What happens when I ran it

First retrieval run returned the same top chunks, in the same order.
Second retrieval run returned identical (chunk_id, doc_id, chunk_index) tuples.
The generated response included citations in that same deterministic order.

The practical outcome: even though fuzzy matching is involved, the citation list is stable across reruns.

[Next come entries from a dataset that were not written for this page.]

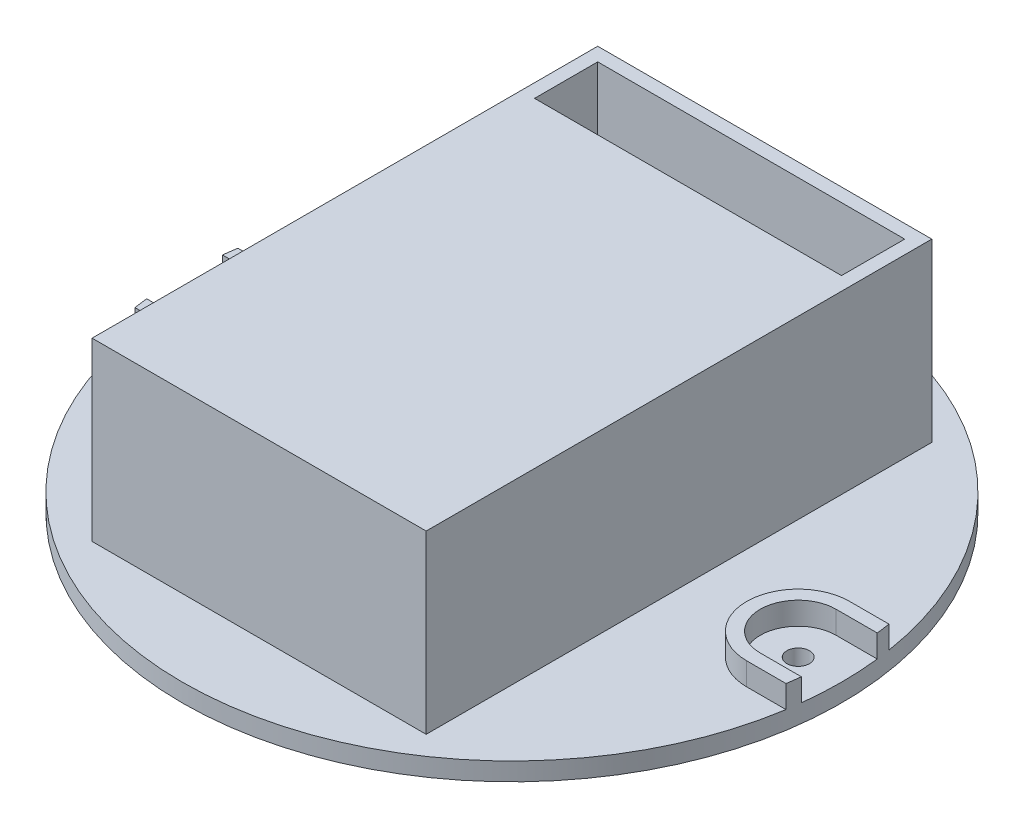
ISO-10303-21;
HEADER;
FILE_DESCRIPTION(('STEP AP214'),'2;1');
FILE_NAME('part.step','',(''),(''),'','','');
FILE_SCHEMA(('AUTOMOTIVE_DESIGN { 1 0 10303 214 1 1 1 1 }'));
ENDSEC;
DATA;
#1=APPLICATION_CONTEXT('core data for automotive mechanical design processes');
#2=APPLICATION_PROTOCOL_DEFINITION('international standard','automotive_design',2000,#1);
#3=PRODUCT_CONTEXT('',#1,'mechanical');
#4=PRODUCT('Part','Part','',(#3));
#5=PRODUCT_RELATED_PRODUCT_CATEGORY('part','',(#4));
#6=PRODUCT_DEFINITION_FORMATION('','',#4);
#7=PRODUCT_DEFINITION_CONTEXT('part definition',#1,'design');
#8=PRODUCT_DEFINITION('design','',#6,#7);
#9=PRODUCT_DEFINITION_SHAPE('','',#8);
#10=(LENGTH_UNIT() NAMED_UNIT(*) SI_UNIT(.MILLI.,.METRE.));
#11=(NAMED_UNIT(*) PLANE_ANGLE_UNIT() SI_UNIT($,.RADIAN.));
#12=(NAMED_UNIT(*) SI_UNIT($,.STERADIAN.) SOLID_ANGLE_UNIT());
#13=UNCERTAINTY_MEASURE_WITH_UNIT(LENGTH_MEASURE(1.E-05),#10,'distance_accuracy_value','');
#14=(GEOMETRIC_REPRESENTATION_CONTEXT(3) GLOBAL_UNCERTAINTY_ASSIGNED_CONTEXT((#13)) GLOBAL_UNIT_ASSIGNED_CONTEXT((#10,
#11,#12)) REPRESENTATION_CONTEXT('',''));
#15=CARTESIAN_POINT('',(0.,0.,0.));
#16=DIRECTION('',(0.,0.,1.));
#17=DIRECTION('',(1.,0.,0.));
#18=AXIS2_PLACEMENT_3D('',#15,#16,#17);
#19=CARTESIAN_POINT('',(0.,-90.5,-26.5));
#20=DIRECTION('',(0.,0.,-1.));
#21=DIRECTION('',(-1.,0.,0.));
#22=AXIS2_PLACEMENT_3D('',#19,#20,#21);
#23=PLANE('',#22);
#24=DIRECTION('',(0.,-1.,0.));
#25=VECTOR('',#24,1.);
#26=CARTESIAN_POINT('',(17.,-90.5,-26.5));
#27=LINE('',#26,#25);
#28=CARTESIAN_POINT('',(17.,-90.5,-26.5));
#29=VERTEX_POINT('',#28);
#30=CARTESIAN_POINT('',(17.,-112.,-26.5));
#31=VERTEX_POINT('',#30);
#32=EDGE_CURVE('E209',#29,#31,#27,.T.);
#33=ORIENTED_EDGE('',*,*,#32,.F.);
#34=DIRECTION('',(1.,0.,0.));
#35=VECTOR('',#34,1.);
#36=CARTESIAN_POINT('',(-17.,-90.5,-26.5));
#37=LINE('',#36,#35);
#38=CARTESIAN_POINT('',(-17.,-90.5,-26.5));
#39=VERTEX_POINT('',#38);
#40=EDGE_CURVE('E211',#39,#29,#37,.T.);
#41=ORIENTED_EDGE('',*,*,#40,.F.);
#42=DIRECTION('',(0.,-1.,0.));
#43=VECTOR('',#42,1.);
#44=CARTESIAN_POINT('',(-17.,-90.5,-26.5));
#45=LINE('',#44,#43);
#46=CARTESIAN_POINT('',(-17.,-112.,-26.5));
#47=VERTEX_POINT('',#46);
#48=EDGE_CURVE('E217',#39,#47,#45,.T.);
#49=ORIENTED_EDGE('',*,*,#48,.T.);
#50=DIRECTION('',(1.,0.,0.));
#51=VECTOR('',#50,1.);
#52=CARTESIAN_POINT('',(-17.,-112.,-26.5));
#53=LINE('',#52,#51);
#54=EDGE_CURVE('E214',#47,#31,#53,.T.);
#55=ORIENTED_EDGE('',*,*,#54,.T.);
#56=EDGE_LOOP('',(#33,#41,#49,#55));
#57=FACE_BOUND('',#56,.T.);
#58=ADVANCED_FACE('F35',(#57),#23,.F.);
#59=CARTESIAN_POINT('',(-17.,-90.5,0.));
#60=DIRECTION('',(-1.,0.,0.));
#61=DIRECTION('',(0.,0.,1.));
#62=AXIS2_PLACEMENT_3D('',#59,#60,#61);
#63=PLANE('',#62);
#64=ORIENTED_EDGE('',*,*,#48,.F.);
#65=DIRECTION('',(0.,0.,-1.));
#66=VECTOR('',#65,1.);
#67=CARTESIAN_POINT('',(-17.,-90.5,-26.5));
#68=LINE('',#67,#66);
#69=CARTESIAN_POINT('',(-17.,-90.5,-19.5));
#70=VERTEX_POINT('',#69);
#71=EDGE_CURVE('E230',#70,#39,#68,.T.);
#72=ORIENTED_EDGE('',*,*,#71,.F.);
#73=DIRECTION('',(0.,-1.,0.));
#74=VECTOR('',#73,1.);
#75=CARTESIAN_POINT('',(-17.,-0.498999999999999,-19.5));
#76=LINE('',#75,#74);
#77=CARTESIAN_POINT('',(-17.,-92.,-19.5));
#78=VERTEX_POINT('',#77);
#79=EDGE_CURVE('E226',#70,#78,#76,.T.);
#80=ORIENTED_EDGE('',*,*,#79,.T.);
#81=DIRECTION('',(0.,0.,1.));
#82=VECTOR('',#81,1.);
#83=CARTESIAN_POINT('',(-17.,-92.,0.));
#84=LINE('',#83,#82);
#85=CARTESIAN_POINT('',(-17.,-92.,26.5));
#86=VERTEX_POINT('',#85);
#87=EDGE_CURVE('E248',#78,#86,#84,.T.);
#88=ORIENTED_EDGE('',*,*,#87,.T.);
#89=DIRECTION('',(0.,-1.,0.));
#90=VECTOR('',#89,1.);
#91=CARTESIAN_POINT('',(-17.,-90.5,26.5));
#92=LINE('',#91,#90);
#93=CARTESIAN_POINT('',(-17.,-112.,26.5));
#94=VERTEX_POINT('',#93);
#95=EDGE_CURVE('E288',#86,#94,#92,.T.);
#96=ORIENTED_EDGE('',*,*,#95,.T.);
#97=DIRECTION('',(0.,0.,-1.));
#98=VECTOR('',#97,1.);
#99=CARTESIAN_POINT('',(-17.,-112.,26.5));
#100=LINE('',#99,#98);
#101=EDGE_CURVE('E245',#94,#47,#100,.T.);
#102=ORIENTED_EDGE('',*,*,#101,.T.);
#103=EDGE_LOOP('',(#64,#72,#80,#88,#96,#102));
#104=FACE_BOUND('',#103,.T.);
#105=ADVANCED_FACE('F485',(#104),#63,.F.);
#106=CARTESIAN_POINT('',(0.,-90.5,26.5));
#107=DIRECTION('',(0.,0.,-1.));
#108=DIRECTION('',(-1.,0.,0.));
#109=AXIS2_PLACEMENT_3D('',#106,#107,#108);
#110=PLANE('',#109);
#111=DIRECTION('',(-1.,0.,0.));
#112=VECTOR('',#111,1.);
#113=CARTESIAN_POINT('',(0.,-92.,26.5));
#114=LINE('',#113,#112);
#115=CARTESIAN_POINT('',(17.,-92.,26.5));
#116=VERTEX_POINT('',#115);
#117=EDGE_CURVE('E250',#116,#86,#114,.T.);
#118=ORIENTED_EDGE('',*,*,#117,.F.);
#119=DIRECTION('',(0.,-1.,0.));
#120=VECTOR('',#119,1.);
#121=CARTESIAN_POINT('',(17.,-90.5,26.5));
#122=LINE('',#121,#120);
#123=CARTESIAN_POINT('',(17.,-112.,26.5));
#124=VERTEX_POINT('',#123);
#125=EDGE_CURVE('E280',#116,#124,#122,.T.);
#126=ORIENTED_EDGE('',*,*,#125,.T.);
#127=DIRECTION('',(1.,0.,0.));
#128=VECTOR('',#127,1.);
#129=CARTESIAN_POINT('',(-17.,-112.,26.5));
#130=LINE('',#129,#128);
#131=EDGE_CURVE('E225',#94,#124,#130,.T.);
#132=ORIENTED_EDGE('',*,*,#131,.F.);
#133=ORIENTED_EDGE('',*,*,#95,.F.);
#134=EDGE_LOOP('',(#118,#126,#132,#133));
#135=FACE_BOUND('',#134,.T.);
#136=ADVANCED_FACE('F490',(#135),#110,.T.);
#137=CARTESIAN_POINT('',(17.,-90.5,0.));
#138=DIRECTION('',(-1.,0.,0.));
#139=DIRECTION('',(0.,0.,1.));
#140=AXIS2_PLACEMENT_3D('',#137,#138,#139);
#141=PLANE('',#140);
#142=DIRECTION('',(0.,0.,1.));
#143=VECTOR('',#142,1.);
#144=CARTESIAN_POINT('',(17.,-92.,0.));
#145=LINE('',#144,#143);
#146=CARTESIAN_POINT('',(17.,-92.,-19.5));
#147=VERTEX_POINT('',#146);
#148=EDGE_CURVE('E253',#147,#116,#145,.T.);
#149=ORIENTED_EDGE('',*,*,#148,.F.);
#150=DIRECTION('',(0.,-1.,0.));
#151=VECTOR('',#150,1.);
#152=CARTESIAN_POINT('',(17.,-0.498999999999999,-19.5));
#153=LINE('',#152,#151);
#154=CARTESIAN_POINT('',(17.,-90.5,-19.5));
#155=VERTEX_POINT('',#154);
#156=EDGE_CURVE('E51',#155,#147,#153,.T.);
#157=ORIENTED_EDGE('',*,*,#156,.F.);
#158=DIRECTION('',(0.,0.,1.));
#159=VECTOR('',#158,1.);
#160=CARTESIAN_POINT('',(17.,-90.5,-26.5));
#161=LINE('',#160,#159);
#162=EDGE_CURVE('E221',#29,#155,#161,.T.);
#163=ORIENTED_EDGE('',*,*,#162,.F.);
#164=ORIENTED_EDGE('',*,*,#32,.T.);
#165=DIRECTION('',(0.,0.,-1.));
#166=VECTOR('',#165,1.);
#167=CARTESIAN_POINT('',(17.,-112.,26.5));
#168=LINE('',#167,#166);
#169=EDGE_CURVE('E242',#124,#31,#168,.T.);
#170=ORIENTED_EDGE('',*,*,#169,.F.);
#171=ORIENTED_EDGE('',*,*,#125,.F.);
#172=EDGE_LOOP('',(#149,#157,#163,#164,#170,#171));
#173=FACE_BOUND('',#172,.T.);
#174=ADVANCED_FACE('F222',(#173),#141,.T.);
#175=CARTESIAN_POINT('',(0.,-92.,0.));
#176=DIRECTION('',(0.,-1.,0.));
#177=DIRECTION('',(0.,0.,-1.));
#178=AXIS2_PLACEMENT_3D('',#175,#176,#177);
#179=PLANE('',#178);
#180=DIRECTION('',(-1.,0.,0.));
#181=VECTOR('',#180,1.);
#182=CARTESIAN_POINT('',(17.,-92.,-19.5));
#183=LINE('',#182,#181);
#184=EDGE_CURVE('E231',#147,#78,#183,.T.);
#185=ORIENTED_EDGE('',*,*,#184,.F.);
#186=ORIENTED_EDGE('',*,*,#148,.T.);
#187=ORIENTED_EDGE('',*,*,#117,.T.);
#188=ORIENTED_EDGE('',*,*,#87,.F.);
#189=EDGE_LOOP('',(#185,#186,#187,#188));
#190=FACE_BOUND('',#189,.T.);
#191=ADVANCED_FACE('F502',(#190),#179,.T.);
#192=CARTESIAN_POINT('',(0.,-110.,0.));
#193=DIRECTION('',(0.,1.,0.));
#194=DIRECTION('',(0.,0.,1.));
#195=AXIS2_PLACEMENT_3D('',#192,#193,#194);
#196=PLANE('',#195);
#197=DIRECTION('',(0.,0.,-1.));
#198=VECTOR('',#197,1.);
#199=CARTESIAN_POINT('',(-18.5,-110.,0.));
#200=LINE('',#199,#198);
#201=CARTESIAN_POINT('',(-18.5,-110.,28.));
#202=VERTEX_POINT('',#201);
#203=CARTESIAN_POINT('',(-18.5,-110.,-28.));
#204=VERTEX_POINT('',#203);
#205=EDGE_CURVE('E255',#202,#204,#200,.T.);
#206=ORIENTED_EDGE('',*,*,#205,.T.);
#207=DIRECTION('',(1.,0.,0.));
#208=VECTOR('',#207,1.);
#209=CARTESIAN_POINT('',(0.,-110.,-28.));
#210=LINE('',#209,#208);
#211=CARTESIAN_POINT('',(18.5,-110.,-28.));
#212=VERTEX_POINT('',#211);
#213=EDGE_CURVE('E260',#204,#212,#210,.T.);
#214=ORIENTED_EDGE('',*,*,#213,.T.);
#215=DIRECTION('',(0.,0.,-1.));
#216=VECTOR('',#215,1.);
#217=CARTESIAN_POINT('',(18.5,-110.,0.));
#218=LINE('',#217,#216);
#219=CARTESIAN_POINT('',(18.5,-110.,28.));
#220=VERTEX_POINT('',#219);
#221=EDGE_CURVE('E272',#220,#212,#218,.T.);
#222=ORIENTED_EDGE('',*,*,#221,.F.);
#223=DIRECTION('',(1.,0.,0.));
#224=VECTOR('',#223,1.);
#225=CARTESIAN_POINT('',(0.,-110.,28.));
#226=LINE('',#225,#224);
#227=EDGE_CURVE('E269',#202,#220,#226,.T.);
#228=ORIENTED_EDGE('',*,*,#227,.F.);
#229=EDGE_LOOP('',(#206,#214,#222,#228));
#230=FACE_BOUND('',#229,.T.);
#231=CARTESIAN_POINT('',(31.7,-110.,0.));
#232=DIRECTION('',(0.,1.,0.));
#233=DIRECTION('',(0.,0.,1.));
#234=AXIS2_PLACEMENT_3D('',#231,#232,#233);
#235=CIRCLE('',#234,5.69999999999999);
#236=CARTESIAN_POINT('',(31.7,-110.,-5.7));
#237=VERTEX_POINT('',#236);
#238=CARTESIAN_POINT('',(31.7,-110.,5.69999999999999));
#239=VERTEX_POINT('',#238);
#240=EDGE_CURVE('E313',#237,#239,#235,.T.);
#241=ORIENTED_EDGE('',*,*,#240,.F.);
#242=DIRECTION('',(-1.,0.,0.));
#243=VECTOR('',#242,1.);
#244=CARTESIAN_POINT('',(0.,-110.,-5.69999999999998));
#245=LINE('',#244,#243);
#246=CARTESIAN_POINT('',(36.0521843998391,-110.,-5.69999999999999));
#247=VERTEX_POINT('',#246);
#248=EDGE_CURVE('E285',#247,#237,#245,.T.);
#249=ORIENTED_EDGE('',*,*,#248,.F.);
#250=CARTESIAN_POINT('',(0.,-110.,0.));
#251=DIRECTION('',(0.,1.,0.));
#252=DIRECTION('',(0.,0.,1.));
#253=AXIS2_PLACEMENT_3D('',#250,#251,#252);
#254=CIRCLE('',#253,36.5);
#255=CARTESIAN_POINT('',(-36.0521843998391,-110.,-5.69999999999999));
#256=VERTEX_POINT('',#255);
#257=EDGE_CURVE('E405',#247,#256,#254,.T.);
#258=ORIENTED_EDGE('',*,*,#257,.T.);
#259=DIRECTION('',(1.,0.,0.));
#260=VECTOR('',#259,1.);
#261=CARTESIAN_POINT('',(0.,-110.,-5.70000000000019));
#262=LINE('',#261,#260);
#263=CARTESIAN_POINT('',(-31.7,-110.,-5.70000000000001));
#264=VERTEX_POINT('',#263);
#265=EDGE_CURVE('E374',#256,#264,#262,.T.);
#266=ORIENTED_EDGE('',*,*,#265,.T.);
#267=CARTESIAN_POINT('',(-31.7,-110.,0.));
#268=DIRECTION('',(0.,1.,0.));
#269=DIRECTION('',(0.,0.,1.));
#270=AXIS2_PLACEMENT_3D('',#267,#268,#269);
#271=CIRCLE('',#270,5.70000000000001);
#272=CARTESIAN_POINT('',(-31.7,-110.,5.70000000000001));
#273=VERTEX_POINT('',#272);
#274=EDGE_CURVE('E371',#273,#264,#271,.T.);
#275=ORIENTED_EDGE('',*,*,#274,.F.);
#276=DIRECTION('',(1.,0.,0.));
#277=VECTOR('',#276,1.);
#278=CARTESIAN_POINT('',(0.,-110.,5.70000000000001));
#279=LINE('',#278,#277);
#280=CARTESIAN_POINT('',(-36.0521843998391,-110.,5.70000000000001));
#281=VERTEX_POINT('',#280);
#282=EDGE_CURVE('E348',#281,#273,#279,.T.);
#283=ORIENTED_EDGE('',*,*,#282,.F.);
#284=CARTESIAN_POINT('',(36.0521843998391,-110.,5.7));
#285=VERTEX_POINT('',#284);
#286=EDGE_CURVE('E39',#281,#285,#254,.T.);
#287=ORIENTED_EDGE('',*,*,#286,.T.);
#288=DIRECTION('',(-1.,0.,0.));
#289=VECTOR('',#288,1.);
#290=CARTESIAN_POINT('',(0.,-110.,5.69999999999994));
#291=LINE('',#290,#289);
#292=EDGE_CURVE('E316',#285,#239,#291,.T.);
#293=ORIENTED_EDGE('',*,*,#292,.T.);
#294=EDGE_LOOP('',(#241,#249,#258,#266,#275,#283,#287,#293));
#295=FACE_BOUND('',#294,.T.);
#296=ADVANCED_FACE('F439',(#230,#295),#196,.T.);
#297=CARTESIAN_POINT('',(31.7,-110.,0.));
#298=DIRECTION('',(0.,1.,0.));
#299=DIRECTION('',(0.,0.,1.));
#300=AXIS2_PLACEMENT_3D('',#297,#298,#299);
#301=CIRCLE('',#300,1.25);
#302=CARTESIAN_POINT('',(31.7,-110.,1.24999999999999));
#303=VERTEX_POINT('',#302);
#304=EDGE_CURVE('E803',#303,#303,#301,.T.);
#305=ORIENTED_EDGE('',*,*,#304,.F.);
#306=EDGE_LOOP('',(#305));
#307=FACE_BOUND('',#306,.T.);
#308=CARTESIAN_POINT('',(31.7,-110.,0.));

Where this fits in a real Enterprise RAG stack

This trigram approach is useful when:

you want fuzzy keyword matching (users type like humans)
embeddings are too expensive for every retrieval
you need deterministic ordering for auditability
your documents are fairly “chunkable” and chunk boundaries are fixed

In many stacks, I’ve seen teams combine both:

embeddings retrieval for semantic similarity
trigram retrieval as a tie-breaker or fallback
deterministic ordering across both pathways

But the core lesson remains: citations must be anchored to stable chunk rows and retrieved in a strictly deterministic order.

Conclusion

I learned that the most annoying RAG failures aren’t always about the language model—they’re often about retrieval nondeterminism. By using PostgreSQL pg_trgm with a carefully designed, deterministic ORDER BY (similarity score plus explicit tie-breakers like chunk_index and chunk_id), I made enterprise retrieval produce stable, trustworthy citations across reruns. This small retrieval discipline turned “RAG answers” into something closer to auditable, repeatable system behavior.